You stated you wish to photograph landscapes. Odds are, those landscapes will have a lot of light. They might even have the sun in the picture! Did you investigate lens flare, which will then be your biggest enemy? Using the same site's lens flare test, we can see that the *Canon EF 24mm f/2.8 IS* that you were skeptical above is actually the best in terms of lack of lens flare at smaller apertures.

Which is another point, your landscape shots will generally be f/8-f/16. The *Canon EF 24mm f/2.8 IS* while not the sharpest of all at f/2.8 is just as sharp if not sharper at f/8-f/16.

Going back to lens flare,
The *Canon EF 24mm f/2.8 IS* has significantly less lens flare than the below lenses:
* Canon EF 24mm f/1.4L
* Canon EF 24-70mm f/2.8L II

Proof:
http://www.the-digital-picture.com/Reviews/Lens-Flare.aspx?Lens=788&Camera=453&FLI=0&API=5&LensComp=787&CameraComp=453&FLIComp=0&APIComp=5

http://www.the-digital-picture.com/Reviews/Lens-Flare.aspx?Lens=788&Camera=453&FLI=0&API=5&LensComp=480&CameraComp=453&FLIComp=0&APIComp=7

This is largely due to the much smaller front element on the 24mm f/2.8 IS.
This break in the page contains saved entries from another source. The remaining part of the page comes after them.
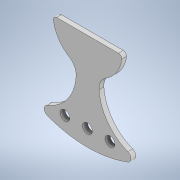
# Autodesk Inventor part: 中間ユニット外
Saved by Autodesk Inventor 2022.2 (Build 262287000, 287)
## iProperties
Created: 2022-01-03
Part Number: 中間ユニット外
Material: Generic
Document SubType Name: Modeling
Designer: acps
Density: 1 g/cm^3
Appearance: Default
Author: acps
Autodesk Inventor part; units mm, degrees
ref_plane "YZ Plane" through (0, 0, 0) normal (1, 0, 0) x (0, 1, 0)
ref_plane "XZ Plane" through (0, 0, 0) normal (0, 1, 0) x (-1, 0, 0)
ref_plane "XY Plane" through (0, 0, 0) normal (0, 0, 1) x (1, 0, 0)
sketch "Sketch1" plane through (0, 0, 0) normal (0, 0, 1) x (1, 0, 0)
  circle A0 centre (16.2, 5) radius 9.025
  arc A1 (15.9625, 14.0219) -> (35.7029, 29.6112) centre (15.41, 35.0146) ccw
  arc A2 (8.6866, 0) -> (52.5133, -3.5421) centre (31.9968, 15.5125) ccw
  circle A3 centre (16.2, 5) radius 6.025
  arc A4 (70.0205, 42.4797) -> (35.7029, 29.6112) centre (57.4454, 23.8218) ccw
  circle A5 centre (14, -20) radius 3
  circle A6 centre (0, -20) radius 3
  circle A7 centre (-14, -20) radius 3
  line L0 (16.2, 5) -> (136.0469, 5) construction
  line L1 (16.2, 5) -> (120.1794, 65.0325) construction
  line L2 (16.2, 5) -> (136.265, 5) construction
  line L3 (16.2, 5) -> (121.2083, -55.6266) construction
  line L4 (16.2, 5) -> (137.4531, 5) construction
  arc A8 (11.4834, 12.6944) -> (20.7844, 36.0654) centre (0.5085, 30.5984) ccw construction
  arc A9 (7.1931, 4.4289) -> (43.377, -20.5519) centre (35.1365, 6.208) ccw construction
  arc A10 (11.4312, 12.7797) -> (21.4, 30) centre (0.5085, 30.5984) ccw
  line L5 (21.4, 30) -> (0, 30)
  arc A11 (7.0935, 4.4191) -> (25, -20) centre (35.1365, 6.208) ccw
  arc A12 (11.4312, 12.7797) -> (7.0935, 4.4191) centre (16.2, 5) ccw
  line L6 (0, 30) -> (0, -48.3313) construction
  line L7 (-21.4, 30) -> (0, 30)
  arc A13 (-21.4, 30) -> (-11.4312, 12.7797) centre (-0.5085, 30.5984) ccw
  arc A14 (-7.0935, 4.4191) -> (-11.4312, 12.7797) centre (-16.2, 5) ccw
  arc A15 (-25, -20) -> (-7.0935, 4.4191) centre (-35.1365, 6.208) ccw
  line L8 (-36.0984, -20) -> (40.4938, -20)
  circle A16 centre (23.9178, -22.798) radius 3
  circle A17 centre (-23.9178, -22.798) radius 3
  arc A18 (-24.9888, -25.6003) -> (24.9888, -25.6003) centre (0, 39.7874) ccw
  line L9 (-31.4755, -75) -> (165.3406, -75) construction
  point P0 (0, 0)
  point P1 (25.2806, -20)
  point P2 (-25.2806, -20)
  point P3 (-20.9441, -22.4019)
  point P4 (28.425, 18.534)
  dimension "d0" = 6
  dimension "d1" = 6
  dimension "d2" = 6
  dimension "d3" = 30
  dimension "d4" = 30
  dimension "d5" = 0.1
  dimension "d6" = 0.1
  dimension "d7" = 20.9
  dimension "d8" = 9.125
  dimension "d9" = 30
  dimension "d10" = 20
  dimension "d11" = 21.4
  dimension "d12" = 28
  dimension "d13" = 6
  dimension "d14" = 6
  dimension "d15" = 70
  dimension "d16" = 14
  dimension "d17" = 14
  dimension "d18" = 25
  dimension "d19" = 75
  constraints: 31 point on circle, 20 end point, 19 centre point, 7 horizontal, 7 point on line, 7 symmetric about line, 6 tangent, 2 equal length, 2 vertical, 11 other
  measures "d0" diameter of A5
  measures "d1" diameter of A6
  measures "d2" diameter of A7
  measures "d3" angle of L2 L1
  measures "d4" angle of L3 L4
  measures "d5" radial gap between concentric circles of A8 A10
  measures "d6" radial gap between concentric circles of A9 A11
  measures "d7" radius of A10
  measures "d8" radius of A12
  measures "d9" distance from line of point (0, 0) L7
  measures "d10" distance from line of L8 point (0, 0)
  measures "d11" distance of L5.start L5.end
  measures "d12" radius of A9
  measures "d13" diameter of A16
  measures "d14" diameter of A17
  measures "d15" radius of A18
  measures "d16" distance of A5.centre A6.centre
  measures "d17" distance of A7.centre A6.centre
  measures "d18" distance of A11.end A6.centre
  measures "d19" distance from line of L9 point (0, 0)
extrude "Extrusion1" add sketch "Sketch1" along normal blind 3 contours L8 A16 A18 A17 A7 A6 A5 | A5 L8 A6 A7 A17 A15 A14 A13 L7 L5 A10 A12 A11 A16 | A16 L8 | L8 A16 | A17 L8 | A17 L8
fillet "Fillet1" radius 2 2 edges at (21.4, 30, 1.5) (-21.4, 30, 1.5)
body "Solid1"

And the Sigma 35mm f/1.4 ART is an *utter mess* in terms of lens flare so I wouldn't count on the 24mm:
http://www.the-digital-picture.com/Reviews/Lens-Flare.aspx?Lens=788&Camera=453&FLI=0&API=5&LensComp=829&CameraComp=453&FLIComp=0&APIComp=7


So, sometimes the cheaper option is actually the better option.

If not obvious already, I recommend the *Canon 24mm f/2.8 IS* for landscape work, due to its classic 24mm landscape focal length, very low lens flare and high sharpness at typical landscape apertures.


----------



## scaptic (Apr 19, 2014)

Ruined said:


> OP: You are making a common mistake when looking at lenses - looking at only one optical benchmark (sharpness).
> 
> You stated you wish to photograph landscapes. Odds are, those landscapes will have a lot of light. They might even have the sun in the picture! Did you investigate lens flare, which will then be your biggest enemy? Using the same site's lens flare test, we can see that the *Canon EF 24mm f/2.8 IS* that you were skeptical above is actually the best in terms of lack of lens flare at smaller apertures.
> 
> Which is another point, your landscape shots will generally be f/8-f/16. The *Canon EF 24mm f/2.8 IS* while not the sharpest of all at f/2.8 is just as sharp if not sharper at f/8-f/16.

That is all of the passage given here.